The problem is not lack of research. The problem is that the research is routinely ignored. We know — clearly and consistently, across multiple clinical guidelines and systematic reviews — that sciatica responds best to graded active rehabilitation, that prolonged rest is harmful, and that the relationship between disc imaging findings and pain is far weaker than most people assume. So let's look at what the science actually says.
What Sciatica Actually Is (and Isn't)
Sciatica is not a diagnosis. It is a symptom — specifically, pain that radiates along the distribution of the sciatic nerve, which exits the lumbar spine via the nerve roots of L4, L5, S1, S2, and S3, passes through the buttock, and travels down the back of the leg to the foot. The character of that pain varies: it can be sharp, burning, shooting, or a deep ache, and is typically accompanied by paresthesia (tingling or numbness) in the relevant dermatome.1
The underlying cause in the majority of cases is lumbar disc herniation with nerve root involvement — typically at the L4/5 or L5/S1 level.
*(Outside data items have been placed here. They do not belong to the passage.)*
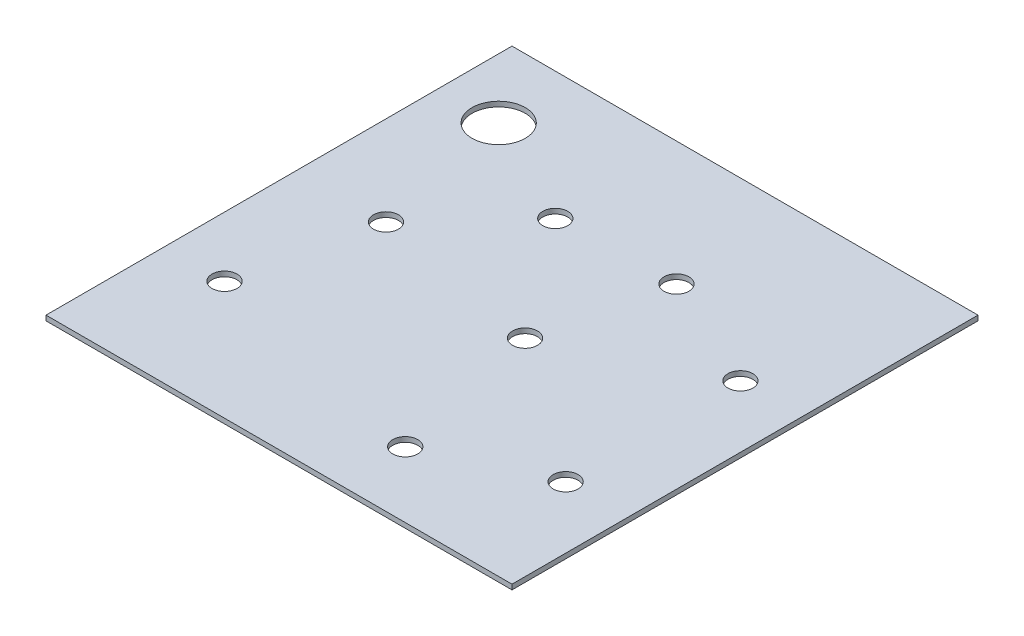
ISO-10303-21;
HEADER;
FILE_DESCRIPTION(('STEP AP214'),'2;1');
FILE_NAME('part.step','',(''),(''),'','','');
FILE_SCHEMA(('AUTOMOTIVE_DESIGN { 1 0 10303 214 1 1 1 1 }'));
ENDSEC;
DATA;
#1=APPLICATION_CONTEXT('core data for automotive mechanical design processes');
#2=APPLICATION_PROTOCOL_DEFINITION('international standard','automotive_design',2000,#1);
#3=PRODUCT_CONTEXT('',#1,'mechanical');
#4=PRODUCT('Part','Part','',(#3));
#5=PRODUCT_RELATED_PRODUCT_CATEGORY('part','',(#4));
#6=PRODUCT_DEFINITION_FORMATION('','',#4);
#7=PRODUCT_DEFINITION_CONTEXT('part definition',#1,'design');
#8=PRODUCT_DEFINITION('design','',#6,#7);
#9=PRODUCT_DEFINITION_SHAPE('','',#8);
#10=(LENGTH_UNIT() NAMED_UNIT(*) SI_UNIT(.MILLI.,.METRE.));
#11=(NAMED_UNIT(*) PLANE_ANGLE_UNIT() SI_UNIT($,.RADIAN.));
#12=(NAMED_UNIT(*) SI_UNIT($,.STERADIAN.) SOLID_ANGLE_UNIT());
#13=UNCERTAINTY_MEASURE_WITH_UNIT(LENGTH_MEASURE(1.E-05),#10,'distance_accuracy_value','');
#14=(GEOMETRIC_REPRESENTATION_CONTEXT(3) GLOBAL_UNCERTAINTY_ASSIGNED_CONTEXT((#13)) GLOBAL_UNIT_ASSIGNED_CONTEXT((#10,
#11,#12)) REPRESENTATION_CONTEXT('',''));
#15=CARTESIAN_POINT('',(0.,0.,0.));
#16=DIRECTION('',(0.,0.,1.));
#17=DIRECTION('',(1.,0.,0.));
#18=AXIS2_PLACEMENT_3D('',#15,#16,#17);
#19=CARTESIAN_POINT('',(0.,1.5,0.));
#20=DIRECTION('',(0.,-1.,0.));
#21=DIRECTION('',(0.,0.,-1.));
#22=AXIS2_PLACEMENT_3D('',#19,#20,#21);
#23=PLANE('',#22);
#24=DIRECTION('',(0.,0.,-1.));
#25=VECTOR('',#24,1.);
#26=CARTESIAN_POINT('',(140.,1.5,140.));
#27=LINE('',#26,#25);
#28=CARTESIAN_POINT('',(140.,1.5,140.));
#29=VERTEX_POINT('',#28);
#30=CARTESIAN_POINT('',(140.,1.5,-140.));
#31=VERTEX_POINT('',#30);
#32=EDGE_CURVE('E99',#29,#31,#27,.T.);
#33=ORIENTED_EDGE('',*,*,#32,.T.);
#34=DIRECTION('',(-1.,0.,0.));
#35=VECTOR('',#34,1.);
#36=CARTESIAN_POINT('',(-140.,1.5,-140.));
#37=LINE('',#36,#35);
#38=CARTESIAN_POINT('',(-140.,1.5,-140.));
#39=VERTEX_POINT('',#38);
#40=EDGE_CURVE('E94',#31,#39,#37,.T.);
#41=ORIENTED_EDGE('',*,*,#40,.T.);
#42=DIRECTION('',(0.,0.,1.));
#43=VECTOR('',#42,1.);
#44=CARTESIAN_POINT('',(-140.,1.5,140.));
#45=LINE('',#44,#43);
#46=CARTESIAN_POINT('',(-140.,1.5,140.));
#47=VERTEX_POINT('',#46);
#48=EDGE_CURVE('E97',#39,#47,#45,.T.);
#49=ORIENTED_EDGE('',*,*,#48,.T.);
#50=DIRECTION('',(1.,0.,0.));
#51=VECTOR('',#50,1.);
#52=CARTESIAN_POINT('',(-140.,1.5,140.));
#53=LINE('',#52,#51);
#54=EDGE_CURVE('E64',#47,#29,#53,.T.);
#55=ORIENTED_EDGE('',*,*,#54,.T.);
#56=EDGE_LOOP('',(#33,#41,#49,#55));
#57=FACE_BOUND('',#56,.T.);
#58=CARTESIAN_POINT('',(-104.,1.5,-96.));
#59=DIRECTION('',(0.,1.,0.));
#60=DIRECTION('',(0.,0.,1.));
#61=AXIS2_PLACEMENT_3D('',#58,#59,#60);
#62=CIRCLE('',#61,16.);
#63=CARTESIAN_POINT('',(-104.,1.5,-80.));
#64=VERTEX_POINT('',#63);
#65=EDGE_CURVE('E114',#64,#64,#62,.T.);
#66=ORIENTED_EDGE('',*,*,#65,.F.);
#67=EDGE_LOOP('',(#66));
#68=FACE_BOUND('',#67,.T.);
#69=CARTESIAN_POINT('',(-86.3455044477865,1.5,-10.6300925090027));
#70=DIRECTION('',(0.,1.,0.));
#71=DIRECTION('',(0.,0.,1.));
#72=AXIS2_PLACEMENT_3D('',#69,#70,#71);
#73=CIRCLE('',#72,7.50000000000001);
#74=CARTESIAN_POINT('',(-86.3455044477865,1.5,-3.13009250900271));
#75=VERTEX_POINT('',#74);
#76=EDGE_CURVE('E129',#75,#75,#73,.T.);
#77=ORIENTED_EDGE('',*,*,#76,.F.);
#78=EDGE_LOOP('',(#77));
#79=FACE_BOUND('',#78,.T.);
#80=CARTESIAN_POINT('',(-104.,1.5,68.745612268935));
#81=DIRECTION('',(0.,1.,0.));
#82=DIRECTION('',(0.,0.,1.));
#83=AXIS2_PLACEMENT_3D('',#80,#81,#82);
#84=CIRCLE('',#83,7.50000000000001);
#85=CARTESIAN_POINT('',(-104.,1.5,76.245612268935));
#86=VERTEX_POINT('',#85);
#87=EDGE_CURVE('E135',#86,#86,#84,.T.);
#88=ORIENTED_EDGE('',*,*,#87,.F.);
#89=EDGE_LOOP('',(#88));
#90=FACE_BOUND('',#89,.T.);
#91=CARTESIAN_POINT('',(36.4243113079733,1.5,100.557665156591));
#92=DIRECTION('',(0.,1.,0.));
#93=DIRECTION('',(0.,0.,1.));
#94=AXIS2_PLACEMENT_3D('',#91,#92,#93);
#95=CIRCLE('',#94,7.5);
#96=CARTESIAN_POINT('',(36.4243113079733,1.5,108.057665156591));
#97=VERTEX_POINT('',#96);
#98=EDGE_CURVE('E141',#97,#97,#95,.T.);
#99=ORIENTED_EDGE('',*,*,#98,.F.);
#100=EDGE_LOOP('',(#99));
#101=FACE_BOUND('',#100,.T.);
#102=CARTESIAN_POINT('',(15.8854616280789,1.5,8.05562787646512));
#103=DIRECTION('',(0.,1.,0.));
#104=DIRECTION('',(0.,0.,1.));
#105=AXIS2_PLACEMENT_3D('',#102,#103,#104);
#106=CIRCLE('',#105,7.5);
#107=CARTESIAN_POINT('',(15.8854616280789,1.5,15.5556278764651));
#108=VERTEX_POINT('',#107);
#109=EDGE_CURVE('E147',#108,#108,#106,.T.);
#110=ORIENTED_EDGE('',*,*,#109,.F.);
#111=EDGE_LOOP('',(#110));
#112=FACE_BOUND('',#111,.T.);
#113=CARTESIAN_POINT('',(33.2267289377524,1.5,-65.5847023670324));
#114=DIRECTION('',(0.,1.,0.));
#115=DIRECTION('',(0.,0.,1.));
#116=AXIS2_PLACEMENT_3D('',#113,#114,#115);
#117=CIRCLE('',#116,7.5);
#118=CARTESIAN_POINT('',(33.2267289377524,1.5,-58.0847023670324));
#119=VERTEX_POINT('',#118);
#120=EDGE_CURVE('E153',#119,#119,#117,.T.);
#121=ORIENTED_EDGE('',*,*,#120,.F.);
#122=EDGE_LOOP('',(#121));
#123=FACE_BOUND('',#122,.T.);
#124=CARTESIAN_POINT('',(102.828111024925,1.5,-34.4119184541435));
#125=DIRECTION('',(0.,1.,0.));
#126=DIRECTION('',(0.,0.,1.));
#127=AXIS2_PLACEMENT_3D('',#124,#125,#126);
#128=CIRCLE('',#127,7.50000000000001);
#129=CARTESIAN_POINT('',(102.828111024925,1.5,-26.9119184541435));
#130=VERTEX_POINT('',#129);
#131=EDGE_CURVE('E159',#130,#130,#128,.T.);
#132=ORIENTED_EDGE('',*,*,#131,.F.);
#133=EDGE_LOOP('',(#132));
#134=FACE_BOUND('',#133,.T.);
#135=CARTESIAN_POINT('',(102.828111024925,1.5,70.5987415633617));
#136=DIRECTION('',(0.,1.,0.));
#137=DIRECTION('',(0.,0.,1.));
#138=AXIS2_PLACEMENT_3D('',#135,#136,#137);
#139=CIRCLE('',#138,7.50000000000001);
#140=CARTESIAN_POINT('',(102.828111024925,1.5,78.0987415633617));
#141=VERTEX_POINT('',#140);
#142=EDGE_CURVE('E165',#141,#141,#139,.T.);
#143=ORIENTED_EDGE('',*,*,#142,.F.);
#144=EDGE_LOOP('',(#143));
#145=FACE_BOUND('',#144,.T.);
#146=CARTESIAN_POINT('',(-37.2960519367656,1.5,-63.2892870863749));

Koes, van Tulder, and Peul, writing in the BMJ in 2007, estimated that disc herniation accounts for approximately 90% of sciatica cases, with the remainder arising from lumbar spinal stenosis, spondylolisthesis, or, far less commonly, pathological causes such as tumour or infection.2 A useful clinical rule: true sciatica from nerve root irritation produces pain that is worse in the leg than in the back. If the back pain predominates, the picture is different.
The Anatomy: Why Chemical Irritation Matters More Than Mechanical Compression
There is a widely held assumption that sciatica is simply about a disc pushing on a nerve. The mechanical compression model is not wrong, but it is incomplete — and the incompleteness explains why many people with confirmed disc herniation have no pain, and why some people with minimal disc changes have severe symptoms.
When the outer annulus fibrosus of a disc tears and nucleus pulposus material is extruded, it does two things: it can apply direct mechanical pressure to the adjacent nerve root, and — critically — it releases phospholipase A2, prostaglandins, and inflammatory cytokines that chemically irritate the nerve root and the surrounding tissues. Ropper and Zafonte, reviewing the pathophysiology in the New England Journal of Medicine, describe the inflammatory cascade as a primary driver of the intense, early-phase pain in disc-related sciatica, noting that the severity of pain correlates poorly with the size of the disc herniation on imaging.3
This explains why some disc herniations are extremely painful and others are incidental imaging findings. The tissue injury alone is not the pain — the nervous system's response to that injury is.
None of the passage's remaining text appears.